As part of this discussion, Trailblaze posed the question “What does a safe campus look like to you?” on a message board outside the Pit. Students were allowed to write their responses, many of which indicated that they believed there was definitely room for improvement on campus.

Some of these responses included “[the ability to walk] back to my room safely,” “not ‘blaming it on the alcohol,’” “not having to worry about what I wear,” and “[the belief that] ‘no means no.’”

Trailblaze is trying to create this safer campus through examining and amending the current policy regarding sexual assault, as well as generating their own policy based on the week’s discussions and during Wednesday night’s policy Hack-a-Thon.

Other events from the week include teach-in modules on Tuesday and “Take the Lead” on Thursday. Both focused on motivating and empowering all university students to invest in ending rape culture on college campuses.

Students reflected on what they hope to see as a result of this initiative.

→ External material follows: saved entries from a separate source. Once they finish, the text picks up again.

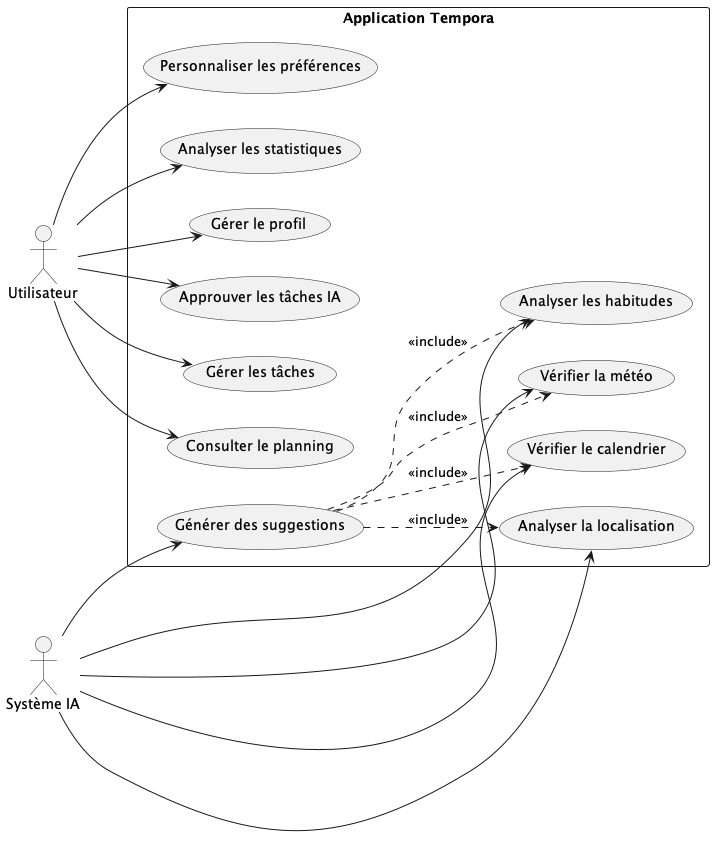

The diagram above was rendered by PlantUML. Its source (embedded in the PNG):
@startuml
left to right direction
actor "Utilisateur" as user
actor "Système IA" as ai

rectangle "Application Tempora" {
  usecase "Gérer les tâches" as UC1
  usecase "Consulter le planning" as UC2
  usecase "Personnaliser les préférences" as UC3
  usecase "Analyser les statistiques" as UC4
  usecase "Générer des suggestions" as UC5
  usecase "Gérer le profil" as UC6
  usecase "Approuver les tâches IA" as UC7
  usecase "Analyser les habitudes" as UC8
  usecase "Vérifier la météo" as UC9
  usecase "Vérifier le calendrier" as UC10
  usecase "Analyser la localisation" as UC11
}

user --> UC1
user --> UC2
user --> UC3
user --> UC4
user --> UC6
user --> UC7

ai --> UC5
ai --> UC8
ai --> UC9
ai --> UC10
ai --> UC11

UC5 ..> UC8 : <<include>>
UC5 ..> UC9 : <<include>>
UC5 ..> UC10 : <<include>>
UC5 ..> UC11 : <<include>>
@enduml

Before Trailblaze Action Week, most students were unaware of the sexual assault policy in place on campus. However, a number of students worked to create new sexual assault-related policy that is clearer, stricter and, most importantly, specific to Wake Forest.

Ground rules were established for all the discussions as a means to make the space inclusive and safe for survivors of sexual assault.

The Hack-a-Thon on Wednesday, Oct. 21, focused on specific areas in Title IX policy, such as Wake Forest’s specific definition of consent. Students were encouraged to examine the existing policy as well as formulate their own policy recommendations.

“Giving students a way to get involved with this kind of policy has never happened before,” Alexa King, the Trailblaze Action Week coordinator, said. “However, students should have an impact on this policy because it affects all of us every day.”

The change begins with the students, and through amending policy, members of Trailblaze are hoping and expecting to see positive changes on campus. Though it can be difficult to address this issue, talking about and taking steps to end sexual assault are crucial in creating a safer campus for all Wake Forest students.